The way we work is changing.
Decades ago, you’d walk into a business, ask the manager for a job, and potentially work there for life. Nowadays, it’s not uncommon for people to switch careers half a dozen times before reaching peak earner status.
While labor mobility has been accelerating for years now, it could be COVID-19 that kicks it into high gear. In an effort to counteract the impacts of the global pandemic (e.g. supply/demand shocks), companies are beginning to embrace what’s known as “labor sharing” — a trend that could reshape the world’s workforce.
Fortune 500 companies explore labor sharing
Innovative companies like Unilever are pushing the limits of the sharing economy.
Via World Economic Forum (WEF),
“. . .Unilever has been establishing a coalition of companies to build a common pool of employees, skills-certified and union-backed, who can be shared across industries. COVID-19 accelerated this work, as it had a significant impact on Unilever’s business; some product lines encountered increased demand, others completely stopped.”
WEF goes on,
“To date the company has redeployed 4,744 internal employees and 4,369 third-party employees (such as in-store execution, merchandisers and beauty advisors). One employee sharing scheme was in Argentina with General Motors (GM) . . . Unilever is now developing a framework for deploying alliances and employee sharing globally.”
On one hand, labor sharing could prevent layoffs caused by supply/demand shocks and provide standardized employees (e.g. factory workers) with more dynamic careers.
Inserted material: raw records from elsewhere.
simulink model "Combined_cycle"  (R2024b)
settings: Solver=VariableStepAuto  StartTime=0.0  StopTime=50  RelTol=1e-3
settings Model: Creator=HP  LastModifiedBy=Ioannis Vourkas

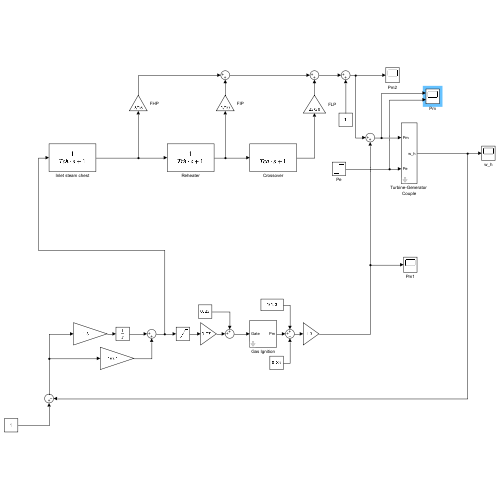
[thumbnail: Simulink's stored preview of the top-level diagram]
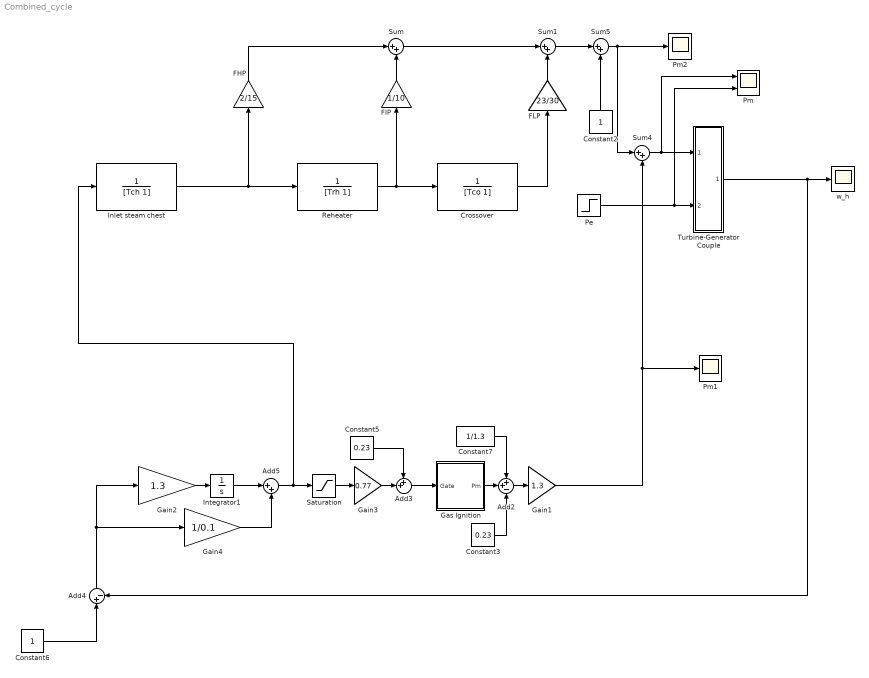
== system Combined_cycle ==
  Add2 : Sum  Inputs=++-
  Add3 : Sum  Inputs=++|
  Add4 : Sum  Inputs=|+-
  Add5 : Sum  Inputs=|++
  Constant2 : Constant
  Constant3 : Constant  Value=0.23
  Constant5 : Constant  Value=0.23
  Constant6 : Constant
  Constant7 : Constant  Value=1/1.3
  Crossover : TransferFcn  Denominator=[Tco 1]  mask{Tco=13/30}
      mask prompts: Tco "Crossover Time Constant / Low-Pressure (LP) Turbine Time Constant)"
      mask DialogControl ParameterGroupVar Prompt: Parameters
  FHP : Gain  Gain=2/15
  FIP : Gain  Gain=1/10
  FLP : Gain  Gain=23/30
  Gain1 : Gain  Gain=1.3
  Gain2 : Gain  Gain=1.3
  Gain3 : Gain  Gain=0.77
  Gain4 : Gain  Gain=1/0.1
  Gas Ignition : Subsystem  mask{Tw=0.4, ini=0.23+1/1.3}
      mask prompts: Tw "Gas ignition constant"; ini "Initial Pm"
  Inlet steam chest : TransferFcn  Denominator=[Tch 1]  mask{Tch=1/10}
      mask prompts: Tch "HP cynlinder time constant"
      mask DialogControl ParameterGroupVar Prompt: Parameters
  Integrator1 : Integrator
  Pe : Step  Time=5  Before=2  After=3  SampleTime=0
  Pm : Scope  NumInputPorts=2
  Pm1 : Scope
  Pm2 : Scope
  Reheater : TransferFcn  Denominator=[Trh 1]  mask{Trh=23/30}
      mask prompts: Trh "Reheater Time Constant"
      mask DialogControl ParameterGroupVar Prompt: Parameters
  Saturation : Saturate  UpperLimit=0.8  LowerLimit=-0.8
  Sum{,1,4..5} (4 alike) : Sum  Inputs=|++
  Turbine-Generator Couple : Subsystem  mask{Hh=20, w_ini=1}
      mask prompts: Hh "H/E Inertia Constant"; w_ini "Initial omega"
  w_h : Scope
  wires:
  Add2/1 -> Gain1/1
  Gas Ignition/1(Pm) -> Add2/2
  Constant6/1 -> Add4/1
  Gain1/1 -> Sum4/2, Pm1/1
  Saturation/1 -> Gain3/1
  Constant7/1 -> Add2/1
  Constant3/1 -> Add2/3
  Constant5/1 -> Add3/1
  Add3/1 -> Gas Ignition/1(Gate)
  Gain3/1 -> Add3/2
  Crossover/1 -> FLP/1
  FLP/1 -> Sum1/2
  Sum/1 -> Sum1/1
  FHP/1 -> Sum/1
  Reheater/1 -> Crossover/1, FIP/1
  Inlet steam chest/1 -> FHP/1, Reheater/1
  Turbine-Generator Couple/1(w_h) -> Add4/2, w_h/1
  FIP/1 -> Sum/2
  Sum4/1 -> Pm/1, Turbine-Generator Couple/1(Pm)
  Pe/1 -> Pm/2, Turbine-Generator Couple/2(Pe)
  Sum1/1 -> Sum5/1
  Constant2/1 -> Sum5/2
  Sum5/1 -> Sum4/1, Pm2/1
  Gain4/1 -> Add5/2
  Integrator1/1 -> Add5/1
  Gain2/1 -> Integrator1/1
  Add5/1 -> Inlet steam chest/1, Saturation/1
  Add4/1 -> Gain2/1, Gain4/1

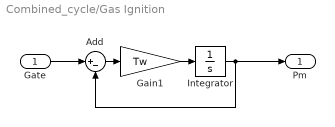
== system Combined_cycle/Gas Ignition ==
  Gate : Inport
  Add : Sum  Inputs=|+-
  Gain1 : Gain  Gain=Tw
  Integrator : Integrator  InitialCondition=0.23
  Pm : Outport
  wires:
  Gain1/1 -> Integrator/1
  Add/1 -> Gain1/1
  Integrator/1 -> Pm/1, Add/2
  Gate/1 -> Add/1

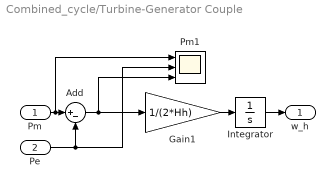
== system Combined_cycle/Turbine-Generator Couple ==
  Pm : Inport
  Pe : Inport  Port=2
  Add : Sum  Inputs=|+-
  Gain1 : Gain  Gain=1/(2*Hh)
  Integrator : Integrator  InitialCondition=w_ini
  Pm1 : Scope  NumInputPorts=3
  w_h : Outport
  wires:
  Pm/1 -> Pm1/1, Add/1
  Gain1/1 -> Integrator/1
  Integrator/1 -> w_h/1
  Add/1 -> Pm1/3, Gain1/1
  Pe/1 -> Add/2, Pm1/2

Instead of being fired or having their hours reduced, workers could be re-deployed to ‘allied’ facilities.
On the other, however, it could pave the way for megacorporations to dominate the labor market and stifle innovation.
Citing Goldman Sachs, Retail Insider Media states that FAANG companies currently make up ~21% of the S&P 500’s market value. And, as Amanda Mull from The Atlantic notes,
“. . .the fewer companies that control the economy, the worse the economy generally is for workers and consumers.”
We’re witnessing the predatory relationship between megacorporations and workers play out today. Take Amazon, the second most valuable FAANG stock by market cap, for example.
“. . .a confidential Amazon internal memo viewed by Recode reveals how the company is making significant investments in technology to track and counter the threat of unionization.”
The article continues,
“. . .Amazon is not alone among large retailers in its opposition to unions. Walmart is perhaps the most infamous for its anti-union tactics. The brick-and-mortar titan has been known to show anti-union videos to new hires and supply store managers with “Labor Relations Training.”
As mentioned above, labor sharing also presents a potential challenge to innovation and the quality of human capital, given that it encourages workers to focus on refining transferable skills rather than developing new ones. This could, in turn, suppress innovation, considering the critical role new skill development plays in increasing innovation outputs.
Labor sharing will change the global economy
Labor sharing is a transformative workforce strategy that builds upon the foundations of the Industrial Revolution. Although only a handful of companies are testing the waters with it today, economic pressures (especially those related to COVID-19) could enable it to go mainstream. If it does, the global economy will change — for better or for worse.